The relationship between HCV and miR-122 is complex. On one hand, miR-122 can interact with HCV and positively regulate replication of the virus in cell culture [18]. On the other hand, as presented by Pedersen et al. [19], miR-122 expression can be negatively regulated by IFN in Huh-7 cells.

According to our results, miR-122 expression was not a relevant prognostic factor for the response to treatment with IFN and ribavirin. In our study, a higher level of expression of miR-122 was observed in patients with EVR in comparison to those without EVR, but this difference was not statistically significant. Adding the evaluation of miR-122 expression to the analysis of IFI27 expression did not significantly increase the predictive value of the latter. However, the literature presents several contradicting opinions on this subject. It was demonstrated by some authors that lower levels of miR-122 were associated with a worse response to treatment with IFN and ribavirin [16, 17]. In the study conducted by Murakami et al. [24] miR-122 expression with FDR correction did not differ statistically significantly in patients with SVR compared to those who did not attain SVR.

Interestingly, in a study conducted in vitro by Yoshikawa et al. [25], silencing of miR-122 function enhanced IFN-induced interferon-stimulated response element (ISRE) activity by decreasing expression of SOCS3.

In our study, no correlation between miR-122 expression and either IL28B genotype or IFI27 expression was found. However, we observed a positive correlation between miR-122 and SOCS3. Despite numerous studies on this subject, the role of miR-122 in the pathogenesis of HCV requires further investigation.
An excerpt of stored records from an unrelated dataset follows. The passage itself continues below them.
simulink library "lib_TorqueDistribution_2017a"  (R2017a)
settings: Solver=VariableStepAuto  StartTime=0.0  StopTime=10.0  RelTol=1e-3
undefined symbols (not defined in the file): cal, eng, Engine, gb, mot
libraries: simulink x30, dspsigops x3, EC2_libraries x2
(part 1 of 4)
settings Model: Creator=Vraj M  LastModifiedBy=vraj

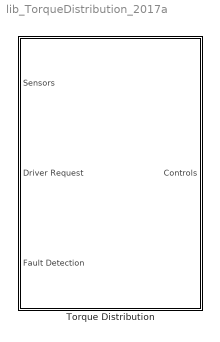
== system lib_TorqueDistribution_2017a ==
  Torque Distribution : Subsystem

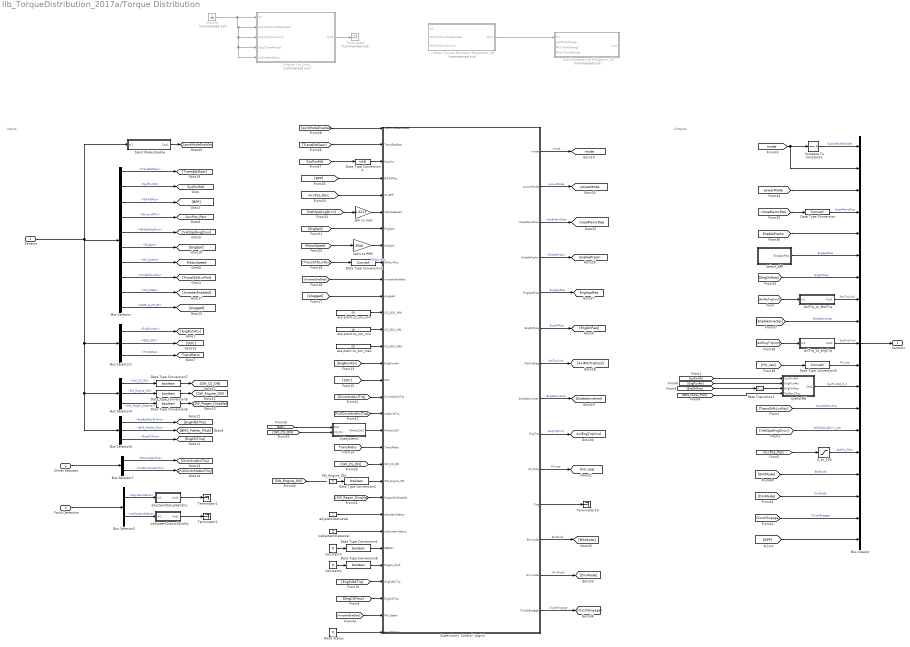
== system lib_TorqueDistribution_2017a/Torque Distribution ==
  note: Inputs
  note: Outputs
  Sensors : Inport
  Driver Request : Inport  Port=2
  Fault Detection : Inport  Port=3
  0_to_100 : Saturate  UpperLimit=100  LowerLimit=0
  AxlTrq_to_EngTrq : Subsystem
  AxlTrq_to_MotTrq : Subsystem
  Bus Creator : BusCreator  Inputs=19
  Bus Selector : BusSelector  OutputSignals=from_CAN.fromVEH_CAN.from_TCM.TransEstGear,from_CAN.fromVEH_CAN.from_BCM.SysPwrMd,from_CAN.fromVEH_CAN.from_BCM.BrkPdlPos,from_Analog.Driver_APP1,from_CAN.fromEBCAN.from_ECM.VehSpdAvgDrvn,from_CAN.fromEBCAN.from_ECM.EngSpd,from_CAN.fromHV_CAN.from_MCU.INV_VCU_01.INV_Speed,from_CAN.fromVEH_CAN.from_TCM.TrnsShftLvrPos,from_CAN.fromHV_CAN.from_MCU.INV_VCU_01.INV_State,from_CAN.fromHV_CAN.from_OBC.NLG5_ST.NLG5_S_CP_DT
  Bus Selector1 : BusSelector  OutputSignals=from_CAN.fromEBCAN.from_ECM.EngRunAtv,from_CAN.fromHV_CAN.from_BMSHybrid.BMS_SOC,from_CAN.fromVEH_CAN.from_TCM.TrnGrRat
  Bus Selector2 : BusSelector  OutputSignals=eSystemDiagOut.eSystemStatus,iceSystemDiagOut.iceSystemStatus
  Bus Selector4 : BusSelector  OutputSignals=from_Digital.SW_CS_ON,from_Digital.SW_Engine_ON,from_Digital.SW_Regen_Disable
  Bus Selector6 : BusSelector  OutputSignals=from_CAN.fromEBCAN.from_ECM.EngActStdyStTorq,from_CAN.fromHV_CAN.from_BMSHybrid.BMS_HYB_02.BMS_Fehler_Pilot,from_CAN.fromEBCAN.from_ECM.EngCltTmp
  Bus Selector7 : BusSelector  OutputSignals=DrvIntndAxlTrq,FullDrvIntndAxlTrq
  Compare To Constant1 : simulink/Logic and Bit Operations/Compare To Constant  relop===  const=4  OutDataTypeStr=boolean
  Constant2 : Constant  Value=0
  Constant3 : Constant  Value=0
  Data Type Conversion : DataTypeConversion
  Data Type Conversion{1..2,5..8} (6 alike) : DataTypeConversion  OutDataTypeStr=boolean
  Data Type Conversion3 : DataTypeConversion
  Data Type Conversion4 : DataTypeConversion  OutDataTypeStr=int8
  Data Type Conversion9 : DataTypeConversion
  Engine Trq Limit : Subsystem  Commented=on
  Ground : Ground  Commented=on
  Hood Status : Constant  Value=0
  Motor Troque Mismatch Mitigation_CD : Subsystem  Commented=on
  OverTemperature Mitigation_CD : Subsystem  Commented=on
  Rate Transition3 : RateTransition
  SW_Engine_ON : Constant  Value=0
  Select_APP : Subsystem
  Sport Mode Enable : Subsystem
  Subsystem1 : Subsystem
  Supervisory  Control  Logic1 : Stateflow chart  TreatAsAtomicUnit=on
  SysPwrMd : Subsystem
  Terminator : Terminator  Commented=on
  Terminator1 : Terminator
  Terminator10 : Terminator
  Terminator2 : Terminator
  eSystemStatusVal : Constant  Value=2
  eSystemStatusValidity : Subsystem
  ess.plant.cd_soc_min : Constant  Value=50
  ess.plant.cs_soc_max : Constant  Value=23
  ess.plant.cs_soc_min : Constant  Value=18
  iceSystemStatusVal : Constant  Value=2
  iceSystemStatusValidity : Subsystem
  kph to mph : Gain  Gain=0.6213
  rad/s to RPM : Gain  Gain=30/pi
  Controls : Outport
  tag scope: AccPos_Perc=global, AxlEngTrqCmd=global, EnablePrplsn=global, EngAppReq=global, MotorSpeed=global, SportModeEnabled=global, SysPwrMd=global, TransRatio=global, closeMaincReq=global, mode=global, powerMode=global
  wires:
  Hood Status/1 -> Supervisory  Control  Logic1/31(HoodStatus)
  Ground/1 -> Engine Trq Limit/1(In1), Engine Trq Limit/2(EngTrqMismchDegraded), Engine Trq Limit/3(EngTrqMismchLimp), Engine Trq Limit/4(Eng_TempRange), Engine Trq Limit/5(iceSystemStatus)
  [plugged] -> Supervisory  Control  Logic1/11(plugged)
  AxlTrq_to_EngTrq/1(Out1) -> Bus Creator/10  "EngTrqCmd"
  [closeMaincReq] -> Data Type Conversion/1
  Compare To Constant1/1 -> Bus Creator/1  "SportsModeEnable"
  [EngRunAtv] -> SysPwrMd/2(EngRunAtv)
  [ClutchEngage] -> Bus Creator/18  "ClutchEngage"
  [BPP] -> Bus Creator/19
  [AxlMtrTrqCmd] -> AxlTrq_to_MotTrq/1(In1)
  [AxlEngTrqCmd] -> AxlTrq_to_EngTrq/1(In1)
  [mode] -> Compare To Constant1/1, Bus Creator/2
  [TransShftLvrPos] -> Bus Creator/13  "TransShftLvrPos"
  [DrvMode] -> Bus Creator/17  "DrvMode"
  [SysPwrMd] -> SysPwrMd/1(SysPwrMd)
  SysPwrMd/1(Out1) -> Bus Creator/12  "SysPwrMd_0_3"
  [VehSpdAvgDrvn] -> Bus Creator/14  "VehSpdAvgDrvn_kph"
  Data Type Conversion9/1 -> Bus Creator/11  "HV_req"
  [BMS_Fehler_Pilot] -> SysPwrMd/4(Fehler_Pilot)
  [EnablePrplsn] -> Bus Creator/5
  [AccPos_Perc] -> 0_to_100/1
  [EnableInverter] -> Bus Creator/9  "EnableInverter"
  [EngOnReq] -> Bus Creator/7  "EngOnReq"
  [HV_req] -> Data Type Conversion9/1
  Select_APP/1(EngAppReq) -> Bus Creator/6  "EngAppReq"
  [BrkMode] -> Bus Creator/16  "BrkMode"
  AxlTrq_to_MotTrq/1(Out1) -> Bus Creator/8  "MtrTrqCmd"
  0_to_100/1 -> Bus Creator/15  "AccPos_Perc"
  [powerMode] -> Bus Creator/3
  Data Type Conversion/1 -> Bus Creator/4  "closeMaincReq"
  [EngOnReq] -> Rate Transition3/1
  Rate Transition3/1 -> SysPwrMd/3(EngOnReq)
  Bus Creator/1 -> Controls/1
  Sensors/1 -> Bus Selector/1, Sport Mode Enable/1(In1), Bus Selector1/1, Bus Selector4/1, Bus Selector6/1
  Bus Selector/1 -> [TransEstGear]  "<TransEstGear>"
  Bus Selector/2 -> [SysPwrMd]  "<SysPwrMd>"
  Bus Selector/3 -> [BPP]  "<BrkPdlPos>"
  Bus Selector/4 -> [AccPos_Perc]  "<Driver_APP1>"
  Bus Selector/5 -> [VehSpdAvgDrvn]  "<VehSpdAvgDrvn>"
  Bus Selector/6 -> [EngSpd]  "<EngSpd>"
  Bus Selector/7 -> [MotorSpeed]  "<INV_Speed>"
  Bus Selector/9 -> [InverterEnabled]  "<INV_State>"
  Bus Selector1/1 -> [EngRunAtv]  "<EngRunAtv>"
  Bus Selector/8 -> [TransShftLvrPos]  "<TrnsShftLvrPos>"
  Bus Selector1/3 -> [TransRatio]  "<TrnGrRat>"
  Fault Detection/1 -> Bus Selector2/1
  Bus Selector2/1 -> eSystemStatusValidity/1(In1)  "<eSystemStatus>"
  Bus Selector2/2 -> iceSystemStatusValidity/1(In1)  "<iceSystemStatus>"
  Bus Selector4/3 -> Data Type Conversion6/1  "<SW_Regen_Disable>"
  Bus Selector4/1 -> Data Type Conversion7/1  "<SW_CS_ON>"
  Bus Selector4/2 -> Data Type Conversion5/1  "<SW_Engine_ON>"
  eSystemStatusValidity/1(Out1) -> Terminator1/1
  iceSystemStatusValidity/1(Out1) -> Terminator2/1
  Bus Selector/10 -> [plugged]  "<NLG5_S_CP_DT>"
  Data Type Conversion5/1 -> [SW_Engine_ON]
  Data Type Conversion6/1 -> [SW_Regen_Disable]
  Bus Selector6/1 -> [EngFdbkTrq]  "<EngActStdyStTorq>"
  Bus Selector6/2 -> [BMS_Fehler_Pilot]  "<BMS_Fehler_Pilot>"
  Bus Selector6/3 -> [EngCltTmp]  "<EngCltTmp>"
  Bus Selector7/2 -> [FullDrvIntndAxlTrq]  "<FullDrvIntndAxlTrq>"
  Sport Mode Enable/1(Out1) -> [SportModeEnabled]
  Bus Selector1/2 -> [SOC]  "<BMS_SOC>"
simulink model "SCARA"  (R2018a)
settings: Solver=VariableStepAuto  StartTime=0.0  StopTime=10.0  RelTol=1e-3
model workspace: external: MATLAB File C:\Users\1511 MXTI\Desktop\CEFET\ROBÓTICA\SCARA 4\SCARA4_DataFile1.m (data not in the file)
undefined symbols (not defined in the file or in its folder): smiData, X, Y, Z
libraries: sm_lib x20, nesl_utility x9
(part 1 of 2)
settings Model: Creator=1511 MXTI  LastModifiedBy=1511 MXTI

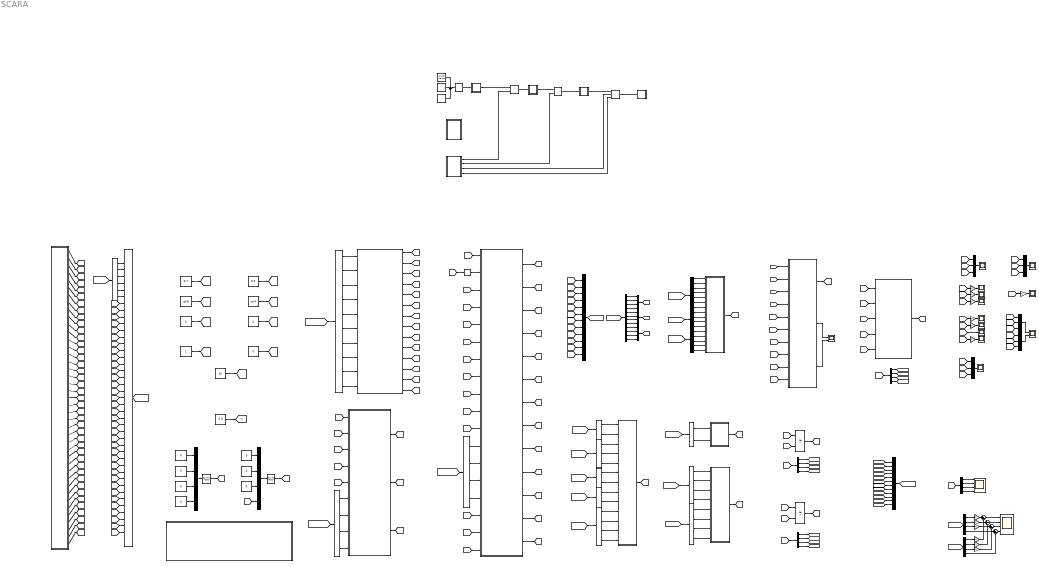
== system SCARA ==
  note: Disciplina: Robótica (GELE0931) 2020_2 T.A
      |
      | Professor: Luciano Raptopoulos
      | luciano.raptopoulos@cefet-rj.br
      |
      | Alunos:
      | Felipe Leite da Fonseca
      | Luan Almeida de Oliveira
      |
      | felipe.leite@aluno.cefet-rj.br
      |
      | luan.almeida@aluno.cefet-rj.br
  note: VELOCIDADES INICIAIS DAS JUNTAS
  note: TORQUE NAS JUNTAS
  note: DADOS DO MODELO
  note: TEST POSIÇÃO DA FERRAMENTA
  note: ANGULO DA FERRAMENTA
  note: Qs DESEJADOS
  note: POSIÇAO DA FERRAMENTA
  note: ACELERAÇÕES DA FERRAMENTA
  note: VELOCIDADES DA FERRAMENTA
  note: ANGULO DA FERRAMENTA
  note: DADOS DE ENTRADA DA TAREFA
  note: POSIÇÕES INICIAIS DAS JUNTAS
  note: VELOCIDADES SIMULADAS DAS JUNTAS
  note: POSIÇÕES SIMULADAS DAS JUNTAS
  note: CÁLCULO DA TRAJETÓRIA
  note: CINEMÁTICA INVERSA
  note: q dq ddq DESEJADOS
  note: q dq ddq SIMULADOS
  note: MODELO 3D DO SCARA
  note: SCARA COMPLETO
  note: TEMPO DE ASSENTAMENTO
  note: ERRO DAS JUNTAS
  note: PLOTAGENS
  note: PARAMETROS INICIAIS
  note: PARAMETROS FINAIS
  note: ALTURA DA FERRAMENTA EM RELAÇÃO AO SOLO
  note: DESEJADO
  note: SIMULADO
  note: INSTRUÇÕES DE UTILIZAÇÃO:
      |
      | Todos os grandes blocos utilizados para projetar o controle do robô SCARA apresentado foram separados nas áreas abaixo devidamente intituladas.
      |
      | As entradas estão dispostas na área em AZUL nos blocos de constante em VERDE .
      |
      | As saídas préviamente requisitadas serão abertas automáticamente ao rodar a simulação, como os torques, força e erros das juntas.
      |
      | Outras plotagens previamente definidas se encontram na área em AMARELO .
  note: M
  note: CONTROLADOR
  note: TESTE DA CINEMÁTICA
  note: TRATAMENTO DAS ENTRADAS
  note: DADOS DE ENTRADA DO CONTROLADOR
  note: PLANTA
  note: INTEGRAÇÕES
  note: G & D
  note: H
  Alpha final (rad) : Constant  Value=0
  Alpha inicial (rad) : Constant  Value=0
  Altura final (m) : Constant  Value=0
  Altura inicial (m) : Constant
  BASE_SCARA_2_RIGID : Subsystem
  Bus Creator : BusCreator  Inputs=12
  Bus Creator4 : BusCreator  Inputs=12
  Bus Creator5 : BusCreator  Inputs=41
  Bus Creator6 : BusCreator  Inputs=4
  Bus Creator7 : BusCreator  Inputs=4
  Bus Selector : BusSelector  OutputSignals=t,tf,R0,Rf,teta0,tetaf,alfa0,alfaf,h0,hf
  Bus Selector1 : BusSelector  OutputSignals=q1,q2,q4,q3
  Bus Selector10 : BusSelector  OutputSignals=L0,L1,e1,L2,e2,L3
  Bus Selector11 : BusSelector  OutputSignals=xG1,xG2,xG3,yG1,yG2,yG3
  Bus Selector12 : BusSelector  OutputSignals=signal2,signal4
  Bus Selector13 : BusSelector  OutputSignals=L1,L2
  Bus Selector14 : BusSelector  OutputSignals=signal1,signal2,signal4
  Bus Selector15 : BusSelector  OutputSignals=m2,m3
  Bus Selector16 : BusSelector  OutputSignals=xG2,xG3,yG2,yG3
  Bus Selector17 : BusSelector  OutputSignals=g,m3
  Bus Selector18 : BusSelector  OutputSignals=c1,c2,c3,c4
  Bus Selector19 : BusSelector  OutputSignals=signal2,signal4
  Bus Selector2 : BusSelector  OutputSignals=L0,L1,L2,e1
  Bus Selector20 : BusSelector  OutputSignals=signal5,signal6,signal7,signal8
  Bus Selector21 : BusSelector  OutputSignals=q1,q2,q3,q4,dq1d,dq2d,dq3d,dq4d,d2q1d,d2q2d,d2q3d,d2q4d
  Bus Selector3 : BusSelector  OutputSignals=signal1,signal2,signal4,signal3
  Bus Selector5 : BusSelector  OutputSignals=L0,L1,e1,L2
  Bus Selector9 : BusSelector  OutputSignals=Izz1,Izz2,Izz3,L1,L2,m1,m2,m3
  Bus to Vector1 : BusToVector
  Bus to Vector2 : BusToVector
  Cylindrical : sm_lib/Joints/Cylindrical Joint  SenseConstraintForce=off  SenseConstraintForceX=off  SenseConstraintForceY=off  SenseConstraintForceZ=off  SenseConstraintTorque=off  SenseConstraintTorqueX=off  SenseConstraintTorqueY=off  SenseConstraintTorqueZ=off  SenseTotalForce=off  SenseTotalForceX=off  SenseTotalForceY=off  SenseTotalForceZ=off  SenseTotalTorque=off  SenseTotalTorqueX=off  SenseTotalTorqueY=off  SenseTotalTorqueZ=off  CompositeWrenchDir=FollowerOnBase  CompositeWrenchFrame=BaseFrame  PzEquilibriumPosition=0  PzEquilibriumPositionUnits=m  PzSpringStiffness=0  PzSpringStiffnessUnits=N/m  PzDampingCoefficient=0  PzDampingCoefficientUnits=N/(m/s)  PzTorqueActuationMode=ComputedTorque  PzMotionActuationMode=InputMotion  PzSensePosition=off  PzSenseVelocity=off  PzSenseAcceleration=off  PzSenseTorqueForce=off  PzPositionTargetSpecify=on  PzPositionTargetPriority=Low  PzPositionTargetValue=smiData.CylindricalJoint(1).Pz.Pos  PzPositionTargetValueUnits=mm  PzVelocityTargetSpecify=off  PzVelocityTargetPriority=High  PzVelocityTargetValue=0  PzVelocityTargetValueUnits=m/s  RzEquilibriumPosition=0  RzEquilibriumPositionUnits=rad  RzSpringStiffness=0  RzSpringStiffnessUnits=N*m/rad  RzDampingCoefficient=0  RzDampingCoefficientUnits=N*m/(rad/s)  RzTorqueActuationMode=ComputedTorque  RzMotionActuationMode=InputMotion  RzSensePosition=off  RzSenseVelocity=off  RzSenseAcceleration=off  RzSenseTorqueForce=off  RzPositionTargetSpecify=on  RzPositionTargetPriority=Low  RzPositionTargetValue=smiData.CylindricalJoint(1).Rz.Pos  RzPositionTargetValueUnits=deg  RzVelocityTargetSpecify=off  RzVelocityTargetPriority=High  RzVelocityTargetValue=0  RzVelocityTargetValueUnits=deg/s
  D : MATLAB Function  TreatAsAtomicUnit=on
  DQ1S0 : Constant  Value=0
  DQ2S0 : Constant  Value=0
  DQ3S0 : Constant  Value=0
  DQ4S0 : Constant  Value=0
  Demux{,3..5} (4 alike) : Demux
  Duração da tarefa (s) : Constant  Value=10
  ELO_01_SCARA_1_RIGID : Subsystem
  ELO_02_SCARA_1_RIGID : Subsystem
  ELO_03_SCARA_1_RIGID : Subsystem
  G : MATLAB Function  TreatAsAtomicUnit=on
  Gain{,1..10,14..15} (13 alike) : Gain  Gain=180/pi
  H : MATLAB Function  TreatAsAtomicUnit=on
  Integrator2 : Integrator  InitialConditionSource=external  InitialCondition=[0 0 0 0]
  Integrator3 : Integrator  InitialConditionSource=external  InitialCondition=[0 0 0 0]
  JUNTAS DESEJADAS : Subsystem
  JUNTAS SIMULADAS : Subsystem
  M : MATLAB Function  TreatAsAtomicUnit=on
  MATLAB Function1 : MATLAB Function  TreatAsAtomicUnit=on
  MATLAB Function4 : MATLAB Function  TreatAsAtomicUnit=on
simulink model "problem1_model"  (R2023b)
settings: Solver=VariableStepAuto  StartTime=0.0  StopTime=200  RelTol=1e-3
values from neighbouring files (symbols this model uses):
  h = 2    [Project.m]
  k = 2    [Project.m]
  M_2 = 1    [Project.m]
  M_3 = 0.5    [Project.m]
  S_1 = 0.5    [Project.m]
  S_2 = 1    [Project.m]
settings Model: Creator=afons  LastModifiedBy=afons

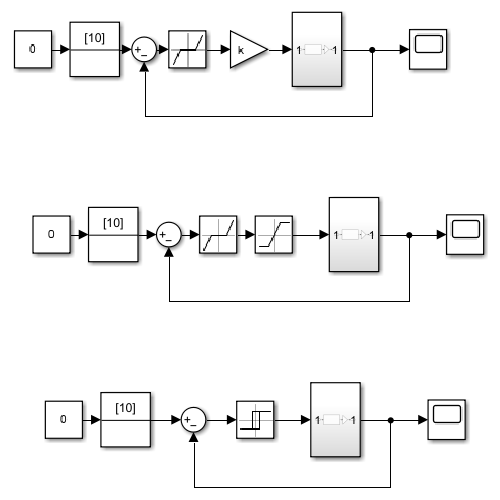
[thumbnail: Simulink's stored preview of the top-level diagram]
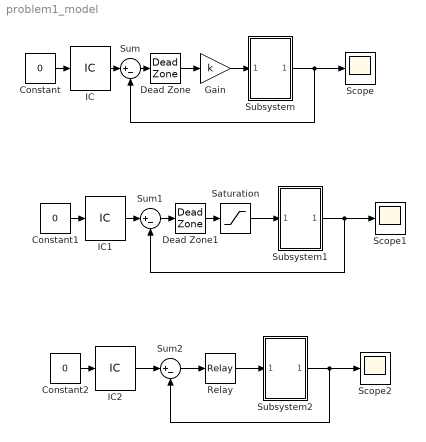
== system problem1_model ==
  Constant : Constant  Value=0
  Constant1 : Constant  Value=0
  Constant2 : Constant  Value=0
  Dead Zone : DeadZone  LowerValue=-S_1  UpperValue=S_1
  Dead Zone1 : DeadZone  LowerValue=-S_2  UpperValue=S_2
  Gain : Gain  Gain=k
  IC : InitialCondition  Value=10
  IC1 : InitialCondition  Value=10
  IC2 : InitialCondition  Value=10
  Relay : Relay  OnSwitchValue=h  OffSwitchValue=-h  OnOutputValue=M_3  OffOutputValue=-M_3
  Saturation : Saturate  UpperLimit=M_2  LowerLimit=-M_2
  Scope : Scope
  Scope1 : Scope
  Scope2 : Scope
  Subsystem : Subsystem
  Subsystem1 : Subsystem
  Subsystem2 : Subsystem
  Sum : Sum  Inputs=|+-
  Sum1 : Sum  Inputs=|+-
  Sum2 : Sum  Inputs=|+-
  wires:
  Dead Zone1/1 -> Saturation/1
  Sum/1 -> Dead Zone/1
  Subsystem/1(Out1) -> Sum/2, Scope/1
  IC1/1 -> Sum1/1
  Subsystem1/1(Out1) -> Sum1/2, Scope1/1
  Saturation/1 -> Subsystem1/1(In1)
  Sum1/1 -> Dead Zone1/1
  IC2/1 -> Sum2/1
  Subsystem2/1(Out1) -> Sum2/2, Scope2/1
  Relay/1 -> Subsystem2/1(In1)
  Sum2/1 -> Relay/1
  Dead Zone/1 -> Gain/1
  Gain/1 -> Subsystem/1(In1)
  Constant/1 -> IC/1
  IC/1 -> Sum/1
  Constant1/1 -> IC1/1
  Constant2/1 -> IC2/1

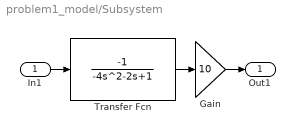
== system problem1_model/Subsystem ==
  In1 : Inport
  Gain : Gain  Gain=10
  Transfer Fcn : TransferFcn  Numerator=[-1]  Denominator=[-4 , -2 , 1]
  Out1 : Outport
  wires:
  Transfer Fcn/1 -> Gain/1
  In1/1 -> Transfer Fcn/1
  Gain/1 -> Out1/1

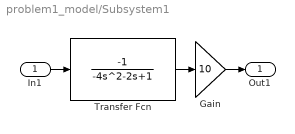
== system problem1_model/Subsystem1 ==
  In1 : Inport
  Gain : Gain  Gain=10
  Transfer Fcn : TransferFcn  Numerator=[-1]  Denominator=[-4 , -2 , 1]
  Out1 : Outport
  wires:
  Transfer Fcn/1 -> Gain/1
  In1/1 -> Transfer Fcn/1
  Gain/1 -> Out1/1

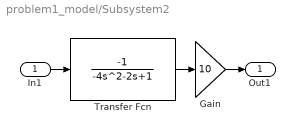
== system problem1_model/Subsystem2 ==
  In1 : Inport
  Gain : Gain  Gain=10
  Transfer Fcn : TransferFcn  Numerator=[-1]  Denominator=[-4 , -2 , 1]
  Out1 : Outport
  wires:
  Transfer Fcn/1 -> Gain/1
  In1/1 -> Transfer Fcn/1
  Gain/1 -> Out1/1
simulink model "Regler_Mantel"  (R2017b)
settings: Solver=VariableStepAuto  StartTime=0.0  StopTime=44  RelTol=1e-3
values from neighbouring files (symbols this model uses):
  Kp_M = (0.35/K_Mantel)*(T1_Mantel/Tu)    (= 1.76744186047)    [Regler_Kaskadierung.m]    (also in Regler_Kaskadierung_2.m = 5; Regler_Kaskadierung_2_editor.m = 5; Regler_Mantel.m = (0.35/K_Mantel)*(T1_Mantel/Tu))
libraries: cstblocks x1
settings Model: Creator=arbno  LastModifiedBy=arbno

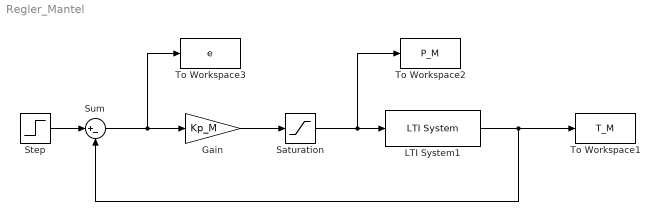
== system Regler_Mantel ==
  Gain : Gain  Gain=Kp_M
  LTI System1 : cstblocks/LTI System  sys=G_Z_Mantel  IC=[]
  Saturation : Saturate  UpperLimit=1  LowerLimit=0
  Step : Step  Time=0  SampleTime=0
  Sum : Sum  Inputs=|+-
  To Workspace1 : ToWorkspace  VariableName=T_M  SaveFormat=Structure With Time  SampleTime=-1
  To Workspace2 : ToWorkspace  VariableName=P_M  SaveFormat=Structure With Time  SampleTime=-1
  To Workspace3 : ToWorkspace  VariableName=e  SaveFormat=Structure With Time  SampleTime=-1
  wires:
  LTI System1/1 -> To Workspace1/1, Sum/2
  Step/1 -> Sum/1
  Gain/1 -> Saturation/1
  Sum/1 -> To Workspace3/1, Gain/1
  Saturation/1 -> To Workspace2/1, LTI System1/1

Presently, as non-invasive methods for diagnosing fibrosis in patients with chronic viral hepatitis C, such as fibroscan or elastometry, gradually replace liver biopsy, performing this procedure with a view to analyzing IFI27, SOCS3 and miR-122 expression for the prognosis of EVR is not associated with additional benefits.


Analysis of hepatic expression of IFI27, SOCS3 and miR-122 does not provide substantial benefits for the prognosis of EVR. The only independent prognostic factors for EVR are age and IL28B genotype. The prognostic significance of IFI27 expression for EVR is dependent on the genetic polymorphism of IL28B.